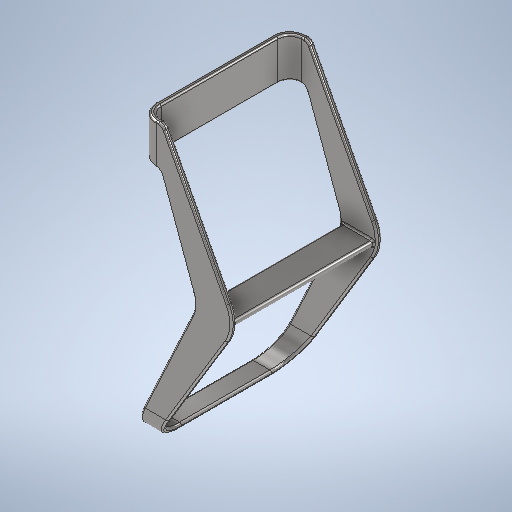
# Autodesk Inventor part: Chair 1
Saved by Autodesk Inventor 2025 (Build 290162000, 162)
## iProperties
Created: 2026-02-17
Part Number: Chair 1
Material: Steel, Alloy
Document SubType Name: Modeling
Designer: user
Density: 7.73 g/cm^3
Appearance: Semi-Polished
Author: user
Autodesk Inventor part; units mm, degrees
ref_plane "YZ Plane" through (0, 0, 0) normal (1, 0, 0) x (0, 1, 0)
ref_plane "XZ Plane" through (0, 0, 0) normal (0, 1, 0) x (-1, 0, 0)
ref_plane "XY Plane" through (0, 0, 0) normal (0, 0, 1) x (1, 0, 0)
sketch "Sketch1" plane through (0, 0, 0) normal (0, 0, 1) x (1, 0, 0)
  line L0 (0, 0) -> (60, 0)
  line L1 (60, 0) -> (320.5123, 430)
  line L2 (320.5123, 430) -> (100, 850)
  line L3 (100, 850) -> (30, 850)
  line L4 (30, 850) -> (30, 730)
  line L5 (30, 730) -> (91.3212, 730)
  line L6 (91.3212, 730) -> (200.5123, 430)
  line L7 (200.5123, 430) -> (0, 0)
  line L8 (70, 430) -> (470, 430)
  line L9 (470, 430) -> (585.2182, 0)
  point P0 (30, 790)
  dimension "d1" = 850
  dimension "d2" = 120
  dimension "d3" = 30
  dimension "d4" = 120
  dimension "d5" = 430
  dimension "d6" = 400
  dimension "d7" = 40
  dimension "d8" = 105
  dimension "d9" = 70
  dimension "d10" = 65
  dimension "d11" = 60
  dimension "d12" = 70
  constraints: 20 end point, 3 horizontal, 3 horizontal alignment, 2 perpendicular, 1 midpoint
  measures "d1" distance from line of L0.start L3
  measures "d2" distance of L3.end L4.end
  measures "d3" horizontal distance of L0.start point (30, 790)
  measures "d4" distance of L1.end L6.end
  measures "d5" vertical distance of L0.start L1.end
  measures "d6" distance of L8.start L8.end
  measures "d7" horizontal distance of L8.start L4.end
  measures "d8" angle of L9 L8
  measures "d9" angle of L8 L6
  measures "d10" angle of L7 L8
  measures "d11" distance of L0.start L0.end
  measures "d12" distance of L2.end L3.end
extrude "Extrusion1" add sketch "Sketch1" along normal mid plane 450
fillet "Fillet1" radius 20 2 edges at (100, 850, 0) (91.3212, 730, 0)
fillet "Fillet2" radius 90 2 edges at (30, 0, 225) (30, 0, -225)
fillet "Fillet3" radius 80 1 edges at (200.5123, 430, 0)
fillet "Fillet4" radius 100 1 edges at (320.5123, 430, 0)
fillet "Fillet5" radius 50 2 edges at (30, 790, 225) (30, 790, -225)
shell "Shell1" thickness 15 removed faces 10 at (296.1699, 476.1666, 75) at (104.8995, 840.5552, 75) at (232.3417, 284.4661, 75) at (68.6077, 850, -58.3333) at (231.38, 599.7664, 75) at (193.2248, 444.9109, -75) at (158.1561, 546.3726, 75) at (95.5662, 718.1834, -75) at (61.5447, 730, 58.3333) at (90.1478, 193.3225, 75)
fillet "Fillet6" radius 5 64 edges at (98.2571, 847.1164, 210) (83.9558, 850, 210) (55.2513, 850, 199.7487) (45, 850, 0) (55.2513, 850, -199.7487) (83.9558, 850, -210) (98.2571, 847.1164, -210) (199.9398, 659.6491, -210) (305.6747, 430.4544, -210) (202.8877, 235.8496, -210) (82.3962, 36.967, -188.033) (69.0876, 15, 0) (82.3962, 36.967, 188.033) (202.8877, 235.8496, 210) (305.6747, 430.4544, 210) (199.9398, 659.6491, 210) (98.2571, 847.1164, 225) (83.9558, 850, 225) (44.6447, 850, 210.3553) (30, 850, 0) (44.6447, 850, -210.3553) (83.9558, 850, -225) (98.2571, 847.1164, -225) (199.9398, 659.6491, -225) (305.6747, 430.4544, -225) (202.8877, 235.8496, -225) (75.9702, 26.3604, -198.6396) (60, 0, 0) (75.9702, 26.3604, 198.6396) (202.8877, 235.8496, 225) (305.6747, 430.4544, 225) (199.9398, 659.6491, 225) (12.2921, 26.3604, 198.6396) (0, 0, 0) (12.2921, 26.3604, -198.6396) (114.2378, 244.9838, -225) (193.9272, 430.2875, -225) (142.6448, 588.9895, -225) (89.864, 725.5748, -225) (78.6636, 729.9546, -224.9821) (43.7085, 730, -209.3937) (30, 730, 0) (43.7085, 730, 209.3937) (78.6636, 729.9546, 224.9821) (89.864, 725.5748, 225) (142.6448, 588.9895, 225) (193.9272, 430.2875, 225) (114.2378, 244.9838, 225) (193.9272, 430.2875, -210) (142.6448, 588.9895, -210) (89.864, 725.5748, -210) (78.6631, 729.9547, -209.9745) (54.3202, 730, -198.7813) (45, 730, 0) (54.3202, 730, 198.7813) (78.6626, 729.9547, 209.9744) (89.864, 725.5748, 210) (142.6448, 588.9895, 210) (193.9272, 430.2875, 210) (114.2378, 244.9838, 210) (17.238, 36.967, 188.033) (6.9946, 15, 0) (17.238, 36.967, -188.033) (114.2378, 244.9838, -210)
sketch "Sketch2" plane through (47.4846, 90, -210) normal (0, 0, 1) x (1, 0, 0)
  arc A0 (139.0234, 309.9676) -> (141.6942, 371.1387) centre (66.5188, 343.7771) ccw construction
  arc A1 (243.765, 291.6991) -> (246.7757, 390.0011) centre (158.237, 343.5157) ccw construction
  line L0 (108.2432, 275.5197) -> (232.7468, 276.8203) construction
  line L1 (162.3163, 332.871) -> (242.3163, 332.871) construction
  line L2 (162.3163, 325.371) -> (242.3163, 325.371)
  line L3 (242.3163, 340.371) -> (162.3163, 340.371)
  arc A2 (162.3163, 340.371) -> (162.3163, 325.371) centre (162.3163, 332.871) ccw
  arc A3 (242.3163, 325.371) -> (242.3163, 340.371) centre (242.3163, 332.871) ccw
  arc A4 (139.0234, 309.9676) -> (141.6942, 371.1387) centre (66.5188, 343.7771) ccw construction
  arc A5 (243.765, 291.6991) -> (246.7757, 390.0011) centre (158.237, 343.5157) ccw construction
  arc A6 (139.0234, 309.9676) -> (141.6942, 371.1387) centre (66.5188, 343.7771) ccw construction
  line L4 (146.4426, 340.2875) -> (258.1901, 340.4544) construction
  point P0 (-47.4846, -90)
  point P1 (202.3163, 332.871)
  point P2 (202.3163, 340.371)
  dimension "d22" = 7.5
  dimension "d23" = 80
  constraints: 12 end point, 9 point on circle, 4 tangent, 2 centre point, 2 midpoint, 1 horizontal, 1 horizontal alignment, 1 parallel, 1 vertical alignment
  measures "d22" radius of A3
  measures "d23" distance of L1.start L1.end
extrude "Extrusion2" add sketch "Sketch2" along normal up to surface (420 mm away)
fillet "Fillet7" radius 5 8 edges at (297.3009, 422.871, -210) (249.8009, 415.371, -210) (202.3009, 422.871, -210) (249.8009, 430.371, -210) (202.3009, 422.871, 210) (249.8009, 415.371, 210) (297.3009, 422.871, 210) (249.8009, 430.371, 210)
body "Solid1"

WORK ITEM: All of the records above should be reproduced exactly, with the pictures left out.

REPLY TO THE EXERCISE:
# Autodesk Inventor part: Chair 1
Saved by Autodesk Inventor 2025 (Build 290162000, 162)
## iProperties
Created: 2026-02-17
Part Number: Chair 1
Material: Steel, Alloy
Document SubType Name: Modeling
Designer: user
Density: 7.73 g/cm^3
Appearance: Semi-Polished
Author: user
Autodesk Inventor part; units mm, degrees
ref_plane "YZ Plane" through (0, 0, 0) normal (1, 0, 0) x (0, 1, 0)
ref_plane "XZ Plane" through (0, 0, 0) normal (0, 1, 0) x (-1, 0, 0)
ref_plane "XY Plane" through (0, 0, 0) normal (0, 0, 1) x (1, 0, 0)
sketch "Sketch1" plane through (0, 0, 0) normal (0, 0, 1) x (1, 0, 0)
  line L0 (0, 0) -> (60, 0)
  line L1 (60, 0) -> (320.5123, 430)
  line L2 (320.5123, 430) -> (100, 850)
  line L3 (100, 850) -> (30, 850)
  line L4 (30, 850) -> (30, 730)
  line L5 (30, 730) -> (91.3212, 730)
  line L6 (91.3212, 730) -> (200.5123, 430)
  line L7 (200.5123, 430) -> (0, 0)
  line L8 (70, 430) -> (470, 430)
  line L9 (470, 430) -> (585.2182, 0)
  point P0 (30, 790)
  dimension "d1" = 850
  dimension "d2" = 120
  dimension "d3" = 30
  dimension "d4" = 120
  dimension "d5" = 430
  dimension "d6" = 400
  dimension "d7" = 40
  dimension "d8" = 105
  dimension "d9" = 70
  dimension "d10" = 65
  dimension "d11" = 60
  dimension "d12" = 70
  constraints: 20 end point, 3 horizontal, 3 horizontal alignment, 2 perpendicular, 1 midpoint
  measures "d1" distance from line of L0.start L3
  measures "d2" distance of L3.end L4.end
  measures "d3" horizontal distance of L0.start point (30, 790)
  measures "d4" distance of L1.end L6.end
  measures "d5" vertical distance of L0.start L1.end
  measures "d6" distance of L8.start L8.end
  measures "d7" horizontal distance of L8.start L4.end
  measures "d8" angle of L9 L8
  measures "d9" angle of L8 L6
  measures "d10" angle of L7 L8
  measures "d11" distance of L0.start L0.end
  measures "d12" distance of L2.end L3.end
extrude "Extrusion1" add sketch "Sketch1" along normal mid plane 450
fillet "Fillet1" radius 20 2 edges at (100, 850, 0) (91.3212, 730, 0)
fillet "Fillet2" radius 90 2 edges at (30, 0, 225) (30, 0, -225)
fillet "Fillet3" radius 80 1 edges at (200.5123, 430, 0)
fillet "Fillet4" radius 100 1 edges at (320.5123, 430, 0)
fillet "Fillet5" radius 50 2 edges at (30, 790, 225) (30, 790, -225)
shell "Shell1" thickness 15 removed faces 10 at (296.1699, 476.1666, 75) at (104.8995, 840.5552, 75) at (232.3417, 284.4661, 75) at (68.6077, 850, -58.3333) at (231.38, 599.7664, 75) at (193.2248, 444.9109, -75) at (158.1561, 546.3726, 75) at (95.5662, 718.1834, -75) at (61.5447, 730, 58.3333) at (90.1478, 193.3225, 75)
fillet "Fillet6" radius 5 64 edges at (98.2571, 847.1164, 210) (83.9558, 850, 210) (55.2513, 850, 199.7487) (45, 850, 0) (55.2513, 850, -199.7487) (83.9558, 850, -210) (98.2571, 847.1164, -210) (199.9398, 659.6491, -210) (305.6747, 430.4544, -210) (202.8877, 235.8496, -210) (82.3962, 36.967, -188.033) (69.0876, 15, 0) (82.3962, 36.967, 188.033) (202.8877, 235.8496, 210) (305.6747, 430.4544, 210) (199.9398, 659.6491, 210) (98.2571, 847.1164, 225) (83.9558, 850, 225) (44.6447, 850, 210.3553) (30, 850, 0) (44.6447, 850, -210.3553) (83.9558, 850, -225) (98.2571, 847.1164, -225) (199.9398, 659.6491, -225) (305.6747, 430.4544, -225) (202.8877, 235.8496, -225) (75.9702, 26.3604, -198.6396) (60, 0, 0) (75.9702, 26.3604, 198.6396) (202.8877, 235.8496, 225) (305.6747, 430.4544, 225) (199.9398, 659.6491, 225) (12.2921, 26.3604, 198.6396) (0, 0, 0) (12.2921, 26.3604, -198.6396) (114.2378, 244.9838, -225) (193.9272, 430.2875, -225) (142.6448, 588.9895, -225) (89.864, 725.5748, -225) (78.6636, 729.9546, -224.9821) (43.7085, 730, -209.3937) (30, 730, 0) (43.7085, 730, 209.3937) (78.6636, 729.9546, 224.9821) (89.864, 725.5748, 225) (142.6448, 588.9895, 225) (193.9272, 430.2875, 225) (114.2378, 244.9838, 225) (193.9272, 430.2875, -210) (142.6448, 588.9895, -210) (89.864, 725.5748, -210) (78.6631, 729.9547, -209.9745) (54.3202, 730, -198.7813) (45, 730, 0) (54.3202, 730, 198.7813) (78.6626, 729.9547, 209.9744) (89.864, 725.5748, 210) (142.6448, 588.9895, 210) (193.9272, 430.2875, 210) (114.2378, 244.9838, 210) (17.238, 36.967, 188.033) (6.9946, 15, 0) (17.238, 36.967, -188.033) (114.2378, 244.9838, -210)
sketch "Sketch2" plane through (47.4846, 90, -210) normal (0, 0, 1) x (1, 0, 0)
  arc A0 (139.0234, 309.9676) -> (141.6942, 371.1387) centre (66.5188, 343.7771) ccw construction
  arc A1 (243.765, 291.6991) -> (246.7757, 390.0011) centre (158.237, 343.5157) ccw construction
  line L0 (108.2432, 275.5197) -> (232.7468, 276.8203) construction
  line L1 (162.3163, 332.871) -> (242.3163, 332.871) construction
  line L2 (162.3163, 325.371) -> (242.3163, 325.371)
  line L3 (242.3163, 340.371) -> (162.3163, 340.371)
  arc A2 (162.3163, 340.371) -> (162.3163, 325.371) centre (162.3163, 332.871) ccw
  arc A3 (242.3163, 325.371) -> (242.3163, 340.371) centre (242.3163, 332.871) ccw
  arc A4 (139.0234, 309.9676) -> (141.6942, 371.1387) centre (66.5188, 343.7771) ccw construction
  arc A5 (243.765, 291.6991) -> (246.7757, 390.0011) centre (158.237, 343.5157) ccw construction
  arc A6 (139.0234, 309.9676) -> (141.6942, 371.1387) centre (66.5188, 343.7771) ccw construction
  line L4 (146.4426, 340.2875) -> (258.1901, 340.4544) construction
  point P0 (-47.4846, -90)
  point P1 (202.3163, 332.871)
  point P2 (202.3163, 340.371)
  dimension "d22" = 7.5
  dimension "d23" = 80
  constraints: 12 end point, 9 point on circle, 4 tangent, 2 centre point, 2 midpoint, 1 horizontal, 1 horizontal alignment, 1 parallel, 1 vertical alignment
  measures "d22" radius of A3
  measures "d23" distance of L1.start L1.end
extrude "Extrusion2" add sketch "Sketch2" along normal up to surface (420 mm away)
fillet "Fillet7" radius 5 8 edges at (297.3009, 422.871, -210) (249.8009, 415.371, -210) (202.3009, 422.871, -210) (249.8009, 430.371, -210) (202.3009, 422.871, 210) (249.8009, 415.371, 210) (297.3009, 422.871, 210) (249.8009, 430.371, 210)
body "Solid1"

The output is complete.